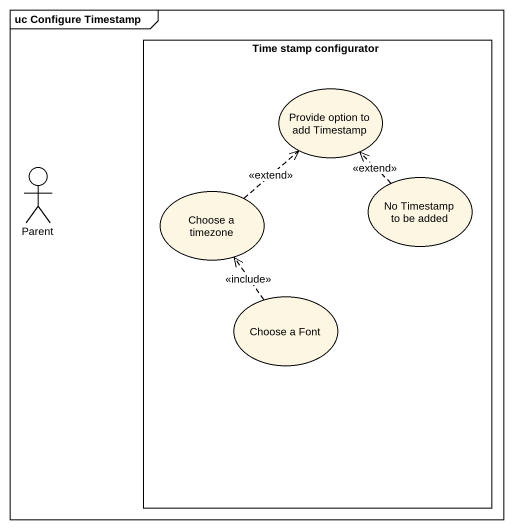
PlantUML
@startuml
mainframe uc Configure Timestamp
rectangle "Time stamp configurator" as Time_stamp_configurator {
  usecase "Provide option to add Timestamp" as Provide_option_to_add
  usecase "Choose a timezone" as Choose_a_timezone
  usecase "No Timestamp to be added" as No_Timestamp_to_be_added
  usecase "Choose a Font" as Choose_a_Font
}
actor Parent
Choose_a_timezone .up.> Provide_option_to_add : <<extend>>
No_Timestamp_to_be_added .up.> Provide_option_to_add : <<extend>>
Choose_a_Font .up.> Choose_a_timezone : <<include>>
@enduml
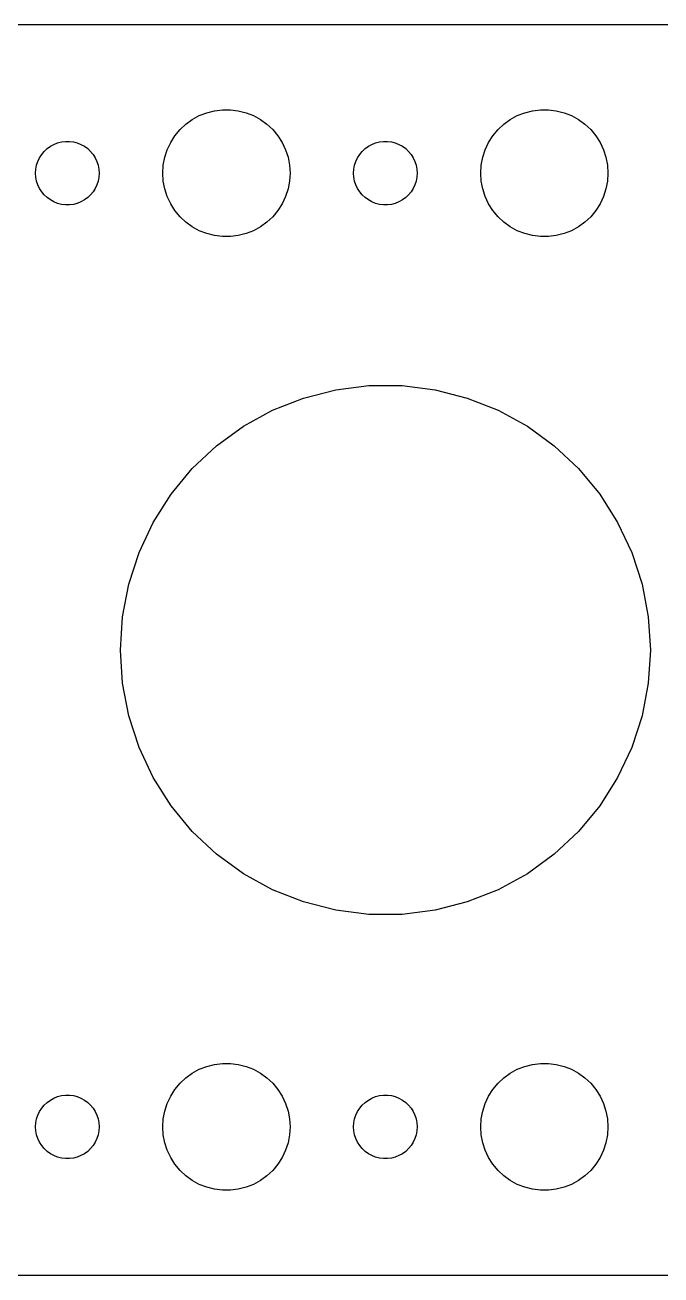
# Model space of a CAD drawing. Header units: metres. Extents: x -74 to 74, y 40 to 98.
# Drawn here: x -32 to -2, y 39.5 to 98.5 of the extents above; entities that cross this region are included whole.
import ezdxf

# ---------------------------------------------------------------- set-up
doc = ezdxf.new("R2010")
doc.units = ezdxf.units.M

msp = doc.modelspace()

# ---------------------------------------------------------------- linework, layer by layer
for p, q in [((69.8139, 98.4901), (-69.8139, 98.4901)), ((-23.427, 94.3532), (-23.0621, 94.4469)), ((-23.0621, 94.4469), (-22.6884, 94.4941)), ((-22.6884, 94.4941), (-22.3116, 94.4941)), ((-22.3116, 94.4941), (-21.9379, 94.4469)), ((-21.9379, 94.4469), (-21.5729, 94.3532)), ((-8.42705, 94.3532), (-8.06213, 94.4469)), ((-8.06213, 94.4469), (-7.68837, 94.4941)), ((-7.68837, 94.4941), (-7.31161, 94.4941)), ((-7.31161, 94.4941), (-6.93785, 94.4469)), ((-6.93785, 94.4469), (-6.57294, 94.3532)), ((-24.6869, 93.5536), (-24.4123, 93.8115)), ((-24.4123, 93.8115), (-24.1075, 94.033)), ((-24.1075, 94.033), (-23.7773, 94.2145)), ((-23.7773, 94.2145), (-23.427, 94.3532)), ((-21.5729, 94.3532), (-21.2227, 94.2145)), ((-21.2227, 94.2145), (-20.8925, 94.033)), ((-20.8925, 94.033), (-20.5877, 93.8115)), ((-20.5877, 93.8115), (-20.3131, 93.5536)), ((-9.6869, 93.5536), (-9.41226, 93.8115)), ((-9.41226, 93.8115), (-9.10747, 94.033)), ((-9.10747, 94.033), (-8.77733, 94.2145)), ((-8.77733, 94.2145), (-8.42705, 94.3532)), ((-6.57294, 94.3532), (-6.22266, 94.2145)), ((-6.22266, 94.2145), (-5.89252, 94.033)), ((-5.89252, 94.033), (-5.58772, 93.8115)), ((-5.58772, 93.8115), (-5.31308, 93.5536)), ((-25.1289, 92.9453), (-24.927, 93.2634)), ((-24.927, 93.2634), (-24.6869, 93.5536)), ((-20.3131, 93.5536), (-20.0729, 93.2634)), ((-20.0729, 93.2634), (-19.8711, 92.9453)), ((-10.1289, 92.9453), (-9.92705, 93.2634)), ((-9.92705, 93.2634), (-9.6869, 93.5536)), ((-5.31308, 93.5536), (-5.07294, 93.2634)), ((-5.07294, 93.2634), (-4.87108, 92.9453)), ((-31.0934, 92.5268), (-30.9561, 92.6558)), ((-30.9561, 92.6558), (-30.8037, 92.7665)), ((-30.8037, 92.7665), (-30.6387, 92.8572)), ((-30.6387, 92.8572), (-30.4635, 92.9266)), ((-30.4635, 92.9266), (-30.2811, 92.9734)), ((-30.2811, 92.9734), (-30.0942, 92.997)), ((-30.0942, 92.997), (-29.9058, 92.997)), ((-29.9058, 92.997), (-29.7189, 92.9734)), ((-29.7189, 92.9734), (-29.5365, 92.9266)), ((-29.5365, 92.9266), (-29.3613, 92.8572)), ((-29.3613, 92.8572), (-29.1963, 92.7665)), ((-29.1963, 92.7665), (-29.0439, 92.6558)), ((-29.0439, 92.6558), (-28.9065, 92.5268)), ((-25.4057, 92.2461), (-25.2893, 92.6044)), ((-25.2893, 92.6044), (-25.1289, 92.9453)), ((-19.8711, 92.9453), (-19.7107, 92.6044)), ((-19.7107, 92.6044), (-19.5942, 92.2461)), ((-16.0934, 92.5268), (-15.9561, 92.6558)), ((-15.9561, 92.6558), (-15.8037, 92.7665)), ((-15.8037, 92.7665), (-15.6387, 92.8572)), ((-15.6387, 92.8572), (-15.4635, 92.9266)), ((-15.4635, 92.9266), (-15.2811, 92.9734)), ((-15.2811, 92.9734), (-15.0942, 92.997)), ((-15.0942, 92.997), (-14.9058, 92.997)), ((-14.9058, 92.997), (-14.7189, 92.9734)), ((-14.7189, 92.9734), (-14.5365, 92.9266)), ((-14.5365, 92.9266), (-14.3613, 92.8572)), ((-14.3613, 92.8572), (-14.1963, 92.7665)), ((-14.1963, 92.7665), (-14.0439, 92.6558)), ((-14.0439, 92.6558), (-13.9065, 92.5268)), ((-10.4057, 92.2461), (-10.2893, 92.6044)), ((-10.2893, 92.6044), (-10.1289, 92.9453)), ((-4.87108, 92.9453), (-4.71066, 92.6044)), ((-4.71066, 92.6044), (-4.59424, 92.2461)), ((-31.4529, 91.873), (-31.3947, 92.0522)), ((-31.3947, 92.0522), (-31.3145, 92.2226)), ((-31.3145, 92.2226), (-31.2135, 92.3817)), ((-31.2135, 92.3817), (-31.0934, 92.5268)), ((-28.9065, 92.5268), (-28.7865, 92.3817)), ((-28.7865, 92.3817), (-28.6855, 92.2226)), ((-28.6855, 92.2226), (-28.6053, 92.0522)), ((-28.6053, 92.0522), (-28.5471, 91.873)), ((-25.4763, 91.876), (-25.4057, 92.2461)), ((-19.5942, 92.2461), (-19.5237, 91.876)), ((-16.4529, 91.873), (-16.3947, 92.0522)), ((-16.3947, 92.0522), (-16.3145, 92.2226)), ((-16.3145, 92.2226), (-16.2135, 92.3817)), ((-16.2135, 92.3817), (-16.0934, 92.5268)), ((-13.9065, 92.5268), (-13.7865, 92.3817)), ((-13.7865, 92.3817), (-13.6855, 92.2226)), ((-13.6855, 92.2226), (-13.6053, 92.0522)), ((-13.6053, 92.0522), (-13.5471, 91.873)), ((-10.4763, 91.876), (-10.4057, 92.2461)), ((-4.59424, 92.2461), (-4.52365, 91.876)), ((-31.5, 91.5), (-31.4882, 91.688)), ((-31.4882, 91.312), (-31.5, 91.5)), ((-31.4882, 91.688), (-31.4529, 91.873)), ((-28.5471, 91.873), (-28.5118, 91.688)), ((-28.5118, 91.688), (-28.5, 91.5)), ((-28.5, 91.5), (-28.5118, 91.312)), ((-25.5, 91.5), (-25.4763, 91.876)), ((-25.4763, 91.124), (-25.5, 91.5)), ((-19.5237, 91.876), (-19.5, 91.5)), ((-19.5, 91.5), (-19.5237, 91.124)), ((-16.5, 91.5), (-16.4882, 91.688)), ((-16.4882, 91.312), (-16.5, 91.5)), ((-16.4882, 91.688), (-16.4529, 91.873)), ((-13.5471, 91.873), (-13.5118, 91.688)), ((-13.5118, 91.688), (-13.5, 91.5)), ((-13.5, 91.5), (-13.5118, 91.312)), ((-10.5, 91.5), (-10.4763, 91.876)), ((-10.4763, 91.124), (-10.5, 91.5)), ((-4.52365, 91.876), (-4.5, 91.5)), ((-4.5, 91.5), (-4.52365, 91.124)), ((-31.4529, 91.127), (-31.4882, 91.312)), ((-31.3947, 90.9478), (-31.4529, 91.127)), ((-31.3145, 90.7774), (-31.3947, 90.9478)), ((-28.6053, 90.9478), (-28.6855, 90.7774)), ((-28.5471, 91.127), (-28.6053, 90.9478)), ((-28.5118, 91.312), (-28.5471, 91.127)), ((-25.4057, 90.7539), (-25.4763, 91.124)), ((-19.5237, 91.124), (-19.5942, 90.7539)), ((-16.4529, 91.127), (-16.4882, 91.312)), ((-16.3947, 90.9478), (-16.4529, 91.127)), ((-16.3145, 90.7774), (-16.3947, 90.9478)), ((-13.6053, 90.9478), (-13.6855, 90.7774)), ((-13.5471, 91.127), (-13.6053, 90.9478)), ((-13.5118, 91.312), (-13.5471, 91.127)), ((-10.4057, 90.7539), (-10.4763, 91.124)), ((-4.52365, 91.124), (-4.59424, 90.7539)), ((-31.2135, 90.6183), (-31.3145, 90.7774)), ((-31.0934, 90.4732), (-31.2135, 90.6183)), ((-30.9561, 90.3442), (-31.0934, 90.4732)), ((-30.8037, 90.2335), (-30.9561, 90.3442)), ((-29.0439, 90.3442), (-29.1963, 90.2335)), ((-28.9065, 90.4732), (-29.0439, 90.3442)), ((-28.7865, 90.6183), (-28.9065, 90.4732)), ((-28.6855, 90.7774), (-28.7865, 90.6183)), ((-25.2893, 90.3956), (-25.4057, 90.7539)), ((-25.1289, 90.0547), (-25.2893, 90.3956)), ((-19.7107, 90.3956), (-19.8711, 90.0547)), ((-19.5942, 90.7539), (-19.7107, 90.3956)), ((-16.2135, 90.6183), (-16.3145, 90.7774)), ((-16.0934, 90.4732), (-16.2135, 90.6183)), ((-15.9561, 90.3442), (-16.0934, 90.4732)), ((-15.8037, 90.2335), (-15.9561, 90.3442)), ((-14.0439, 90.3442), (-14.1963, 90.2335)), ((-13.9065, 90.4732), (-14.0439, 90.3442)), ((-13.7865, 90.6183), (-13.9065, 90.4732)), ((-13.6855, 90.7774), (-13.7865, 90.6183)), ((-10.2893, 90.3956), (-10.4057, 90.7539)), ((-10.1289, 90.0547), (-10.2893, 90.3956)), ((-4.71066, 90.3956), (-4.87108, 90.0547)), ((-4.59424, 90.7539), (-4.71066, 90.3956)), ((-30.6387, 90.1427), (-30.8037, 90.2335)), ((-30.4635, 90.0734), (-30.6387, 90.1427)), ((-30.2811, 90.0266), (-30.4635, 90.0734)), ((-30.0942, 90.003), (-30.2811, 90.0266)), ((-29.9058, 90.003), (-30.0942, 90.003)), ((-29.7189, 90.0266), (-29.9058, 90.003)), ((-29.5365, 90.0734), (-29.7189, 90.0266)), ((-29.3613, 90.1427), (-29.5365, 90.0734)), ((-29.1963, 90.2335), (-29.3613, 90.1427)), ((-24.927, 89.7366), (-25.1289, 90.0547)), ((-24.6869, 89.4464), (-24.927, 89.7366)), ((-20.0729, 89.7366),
┄┄┄┄┄┄
» WORK ITEM
Those lines of the records above that run from the one containing "Timestamp to be" through the one containing "layer by layer" should be returned exactly, with no pictures among them.

» SOLUTION FOR THIS TASK
  usecase "No Timestamp to be added" as No_Timestamp_to_be_added
  usecase "Choose a Font" as Choose_a_Font
}
actor Parent
Choose_a_timezone .up.> Provide_option_to_add : <<extend>>
No_Timestamp_to_be_added .up.> Provide_option_to_add : <<extend>>
Choose_a_Font .up.> Choose_a_timezone : <<include>>
@enduml
# Model space of a CAD drawing. Header units: metres. Extents: x -74 to 74, y 40 to 98.
# Drawn here: x -32 to -2, y 39.5 to 98.5 of the extents above; entities that cross this region are included whole.
import ezdxf

# ---------------------------------------------------------------- set-up
doc = ezdxf.new("R2010")
doc.units = ezdxf.units.M

msp = doc.modelspace()

# ---------------------------------------------------------------- linework, layer by layer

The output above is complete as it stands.